# Deer mounts



## Huck658 (May 22, 2016)

Would like to get my fav deer mount to the phils when we move. Anyone know if there are any hoops to jump through about this?


----------



## Gary D (Oct 28, 2013)

I'm not sure what a dear mount is but a balikbayan box is your only way forward. Should give the ants and temites hours of endless fun by the sounds of it.


----------



## Asian Spirit (Mar 1, 2010)

Gary D said:


> I'm not sure what a dear mount is but a balikbayan box is your only way forward. Should give the ants and temites hours of endless fun by the sounds of it.
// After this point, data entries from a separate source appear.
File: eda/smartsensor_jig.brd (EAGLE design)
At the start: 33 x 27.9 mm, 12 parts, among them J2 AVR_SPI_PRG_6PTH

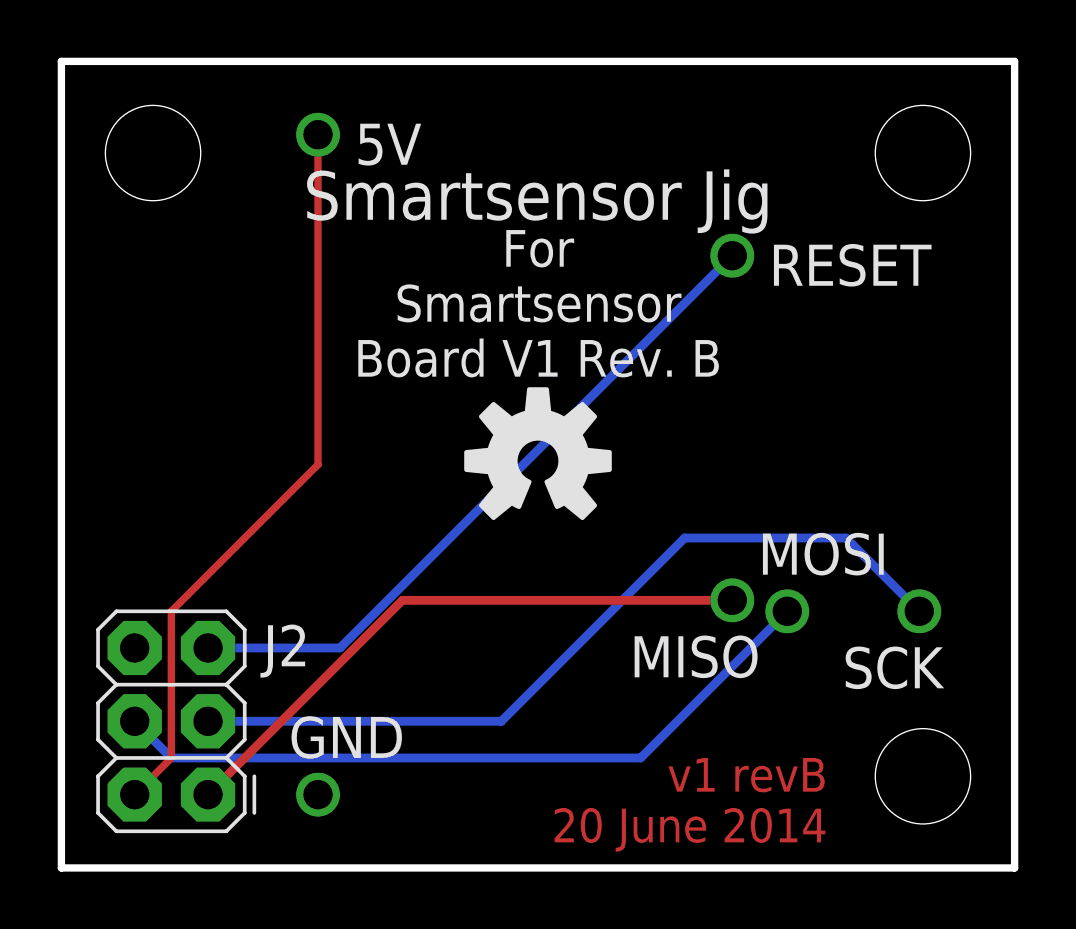
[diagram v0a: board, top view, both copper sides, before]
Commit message: Replaced 2x4 connectors with 2x5's.
On smartsensor, smartsensorPowered, smartsensor_powered_jig, and team_flag.
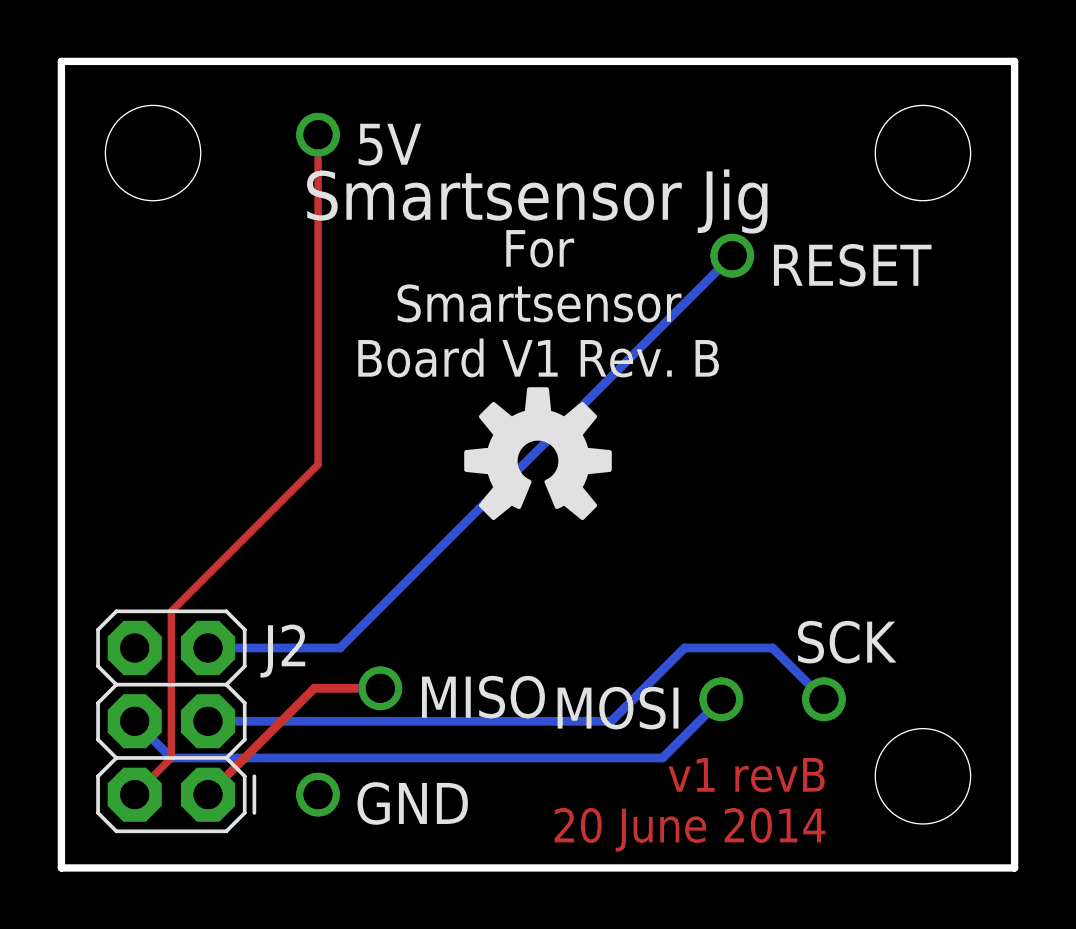
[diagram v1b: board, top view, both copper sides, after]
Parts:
- moved MISO 12.6 mm to (11.0, 6.22)
- moved SCK 4.49 mm to (26.4, 5.84)
- moved MOSI 3.81 mm to (22.9, 5.84)
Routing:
- net MISO: track 20.9 -> 7.49 mm
- net SCK: track 28.3 -> 23.1 mm
- net MOSI: track 25.2 -> 21.7 mm
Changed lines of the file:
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@@
 <attribute name="PIE-INT-REF-NUM" value="BULK-STOCK" x="5.08" y="2.54" size="1.778" layer="27" rot="R90" display="off"/>
 </element>
-<element name="MISO" library="pie" package="POGO_PIN_394" value="" x="23.241" y="9.271" smashed="yes">
-<attribute name="NAME" x="19.685" y="6.604" size="1.4224" layer="25" font="vector" ratio="15"/>
-<attribute name="VALUE" x="21.971" y="6.731" size="1.27" layer="27" font="vector"/>
-<attribute name="PIE-INT-REF-NUM" value="POGO-PIN" x="23.241" y="9.271" size="1.778" layer="27" display="off"/>
+<element name="MISO" library="pie" package="POGO_PIN_394" value="" x="11.049" y="6.223" smashed="yes">
+<attribute name="NAME" x="12.319" y="5.207" size="1.4224" layer="25" font="vector" ratio="15"/>
+<attribute name="VALUE" x="9.779" y="3.683" size="1.27" layer="27" font="vector"/>
+<attribute name="PIE-INT-REF-NUM" value="POGO-PIN" x="11.049" y="6.223" size="1.778" layer="27" display="off"/>
 </element>
-<element name="SCK" library="pie" package="POGO_PIN_394" value="" x="29.718" y="8.89" smashed="yes">
-<attribute name="NAME" x="27.051" y="6.223" size="1.4224" layer="25" font="vector" ratio="15"/>
-<attribute name="VALUE" x="28.448" y="6.35" size="1.27" layer="27" font="vector"/>
-<attribute name="PIE-INT-REF-NUM" value="POGO-PIN" x="29.718" y="8.89" size="1.778" layer="27" display="off"/>
+<element name="SCK" library="pie" package="POGO_PIN_394" value="" x="26.416" y="5.842" smashed="yes">
+<attribute name="NAME" x="25.4" y="7.112" size="1.4224" layer="25" font="vector" ratio="15"/>
+<attribute name="VALUE" x="25.146" y="3.302" size="1.27" layer="27" font="vector"/>
+<attribute name="PIE-INT-REF-NUM" value="POGO-PIN" x="26.416" y="5.842" size="1.778" layer="27" display="off"/>
 </element>
 <element name="RESET" library="pie" package="POGO_PIN_394" value="" x="23.241" y="21.209" smashed="yes" rot="R270">
@@
 <attribute name="PIE-INT-REF-NUM" value="POGO-PIN" x="8.89" y="25.4" size="1.778" layer="27" rot="R270" display="off"/>
 </element>
-<element name="MOSI" library="pie" package="POGO_PIN_394" value="" x="25.146" y="8.89" smashed="yes">
-<attribute name="NAME" x="24.13" y="10.16" size="1.4224" layer="25" font="vector" ratio="15"/>
-<attribute name="VALUE" x="23.876" y="6.35" size="1.27" layer="27" font="vector"/>
-<attribute name="PIE-INT-REF-NUM" value="POGO-PIN" x="25.146" y="8.89" size="1.778" layer="27" display="off"/>
+<element name="MOSI" library="pie" package="POGO_PIN_394" value="" x="22.86" y="5.842" smashed="yes">
+<attribute name="NAME" x="17.018" y="4.826" size="1.4224" layer="25" font="vector" ratio="15"/>
+<attribute name="VALUE" x="21.59" y="3.302" size="1.27" layer="27" font="vector"/>
+<attribute name="PIE-INT-REF-NUM" value="POGO-PIN" x="22.86" y="5.842" size="1.778" layer="27" display="off"/>
 </element>
 <element name="GND" library="pie" package="POGO_PIN_394" value="" x="8.89" y="2.54" smashed="yes" rot="R90">
-<attribute name="NAME" x="7.874" y="3.81" size="1.4224" layer="25" font="vector" ratio="15"/>
+<attribute name="NAME" x="10.16" y="1.524" size="1.4224" layer="25" font="vector" ratio="15"/>
 <attribute name="VALUE" x="11.43" y="1.27" size="1.27" layer="27" font="vector" rot="R90"/>
 <attribute name="PIE-INT-REF-NUM" value="POGO-PIN" x="8.89" y="2.54" size="1.778" layer="27" rot="R90" display="off"/>
@@
 <contactref element="MOSI" pad="POGO_PIN"/>
 <wire x1="2.54" y1="5.08" x2="3.81" y2="3.81" width="0.3048" layer="16"/>
-<wire x1="3.81" y1="3.81" x2="20.066" y2="3.81" width="0.3048" layer="16"/>
-<wire x1="20.066" y1="3.81" x2="25.146" y2="8.89" width="0.3048" layer="16"/>
+<wire x1="3.81" y1="3.81" x2="20.828" y2="3.81" width="0.3048" layer="16"/>
+<wire x1="20.828" y1="3.81" x2="22.86" y2="5.842" width="0.3048" layer="16"/>
 </signal>
 <signal name="5V">
@@
 <contactref element="J2" pad="3"/>
 <contactref element="SCK" pad="POGO_PIN"/>
-<wire x1="5.08" y1="5.08" x2="15.24" y2="5.08" width="0.3048" layer="16"/>
-<wire x1="15.24" y1="5.08" x2="21.59" y2="11.43" width="0.3048" layer="16"/>
-<wire x1="21.59" y1="11.43" x2="27.178" y2="11.43" width="0.3048" layer="16"/>
-<wire x1="27.178" y1="11.43" x2="29.718" y2="8.89" width="0.3048" layer="16"/>
+<wire x1="5.08" y1="5.08" x2="19.05" y2="5.08" width="0.3048" layer="16"/>
+<wire x1="19.05" y1="5.08" x2="21.59" y2="7.62" width="0.3048" layer="16"/>
+<wire x1="21.59" y1="7.62" x2="24.638" y2="7.62" width="0.3048" layer="16"/>
+<wire x1="24.638" y1="7.62" x2="26.416" y2="5.842" width="0.3048" layer="16"/>
 </signal>
 <signal name="MISO">
 <contactref element="J2" pad="1"/>
 <contactref element="MISO" pad="POGO_PIN"/>
-<wire x1="23.241" y1="9.271" x2="11.811" y2="9.271" width="0.3048" layer="1"/>
-<wire x1="11.811" y1="9.271" x2="5.08" y2="2.54" width="0.3048" layer="1"/>
+<wire x1="11.049" y1="6.223" x2="8.763" y2="6.223" width="0.3048" layer="1"/>
+<wire x1="8.763" y1="6.223" x2="5.08" y2="2.54" width="0.3048" layer="1"/>
 </signal>
 <signal name="GND">
@@
 </signal>
 </signals>
-<errors>
-</errors>
 </board>
 </drawing>

This is a deer mount. I agree with you Gary; it would be impossible to keep aunts and other insects out of and away from it here in the Philippines no matter what kind of home it is in.
I would have loved to bring all mine with me years ago but better judgment prevailed. Plus it would be pretty tough to get a normal size mount into a shipping box. Not sure of the laws on it either.

Jet Lag


----------



## Gary D (Oct 28, 2013)

Jet, Balikbayan boxes are not limited to the usual cardboard cartons you see. If it can be crated it can be sent, although the price will go up and you may have some explaining to do to customs.


----------



## hogrider (May 25, 2010)

You shot Bambi.....!!!!!!!! My granddaughter will be mortified........


----------



## SimonAngeles (May 10, 2016)

hogrider said:


> You shot Bambi.....!!!!!!!! My granddaughter will be mortified........



That's ok, I ate Bambi. Tell her she was delicious


----------



## hogrider (May 25, 2010)

SimonAngeles said:


> That's ok, I ate Bambi. Tell her she was delicious



You are sooo cruel...........


----------



## Asian Spirit (Mar 1, 2010)

hogrider said:


> You are sooo cruel...........


I'm sure it was painless and it does taste so good.. I sure miss the deer hunting each year in the Southern Utah mountains.


----------



## Huck658 (May 22, 2016)

You ever do any chucked hunting in Utah?


----------



## Huck658 (May 22, 2016)

Thanks for the replies. I think I will leave it here. I will prob just split them up to my kids.


----------



## Asian Spirit (Mar 1, 2010)

Huck658 said:


> You ever do any chucked hunting in Utah?


You mean Rock Chucks? Yes; mostly when I was a kid in the mountains just to the East of Cedar City. There were more of them than flies.


----------



## Huck658 (May 22, 2016)

So fun


----------



## Cebu Citizen (Dec 13, 2013)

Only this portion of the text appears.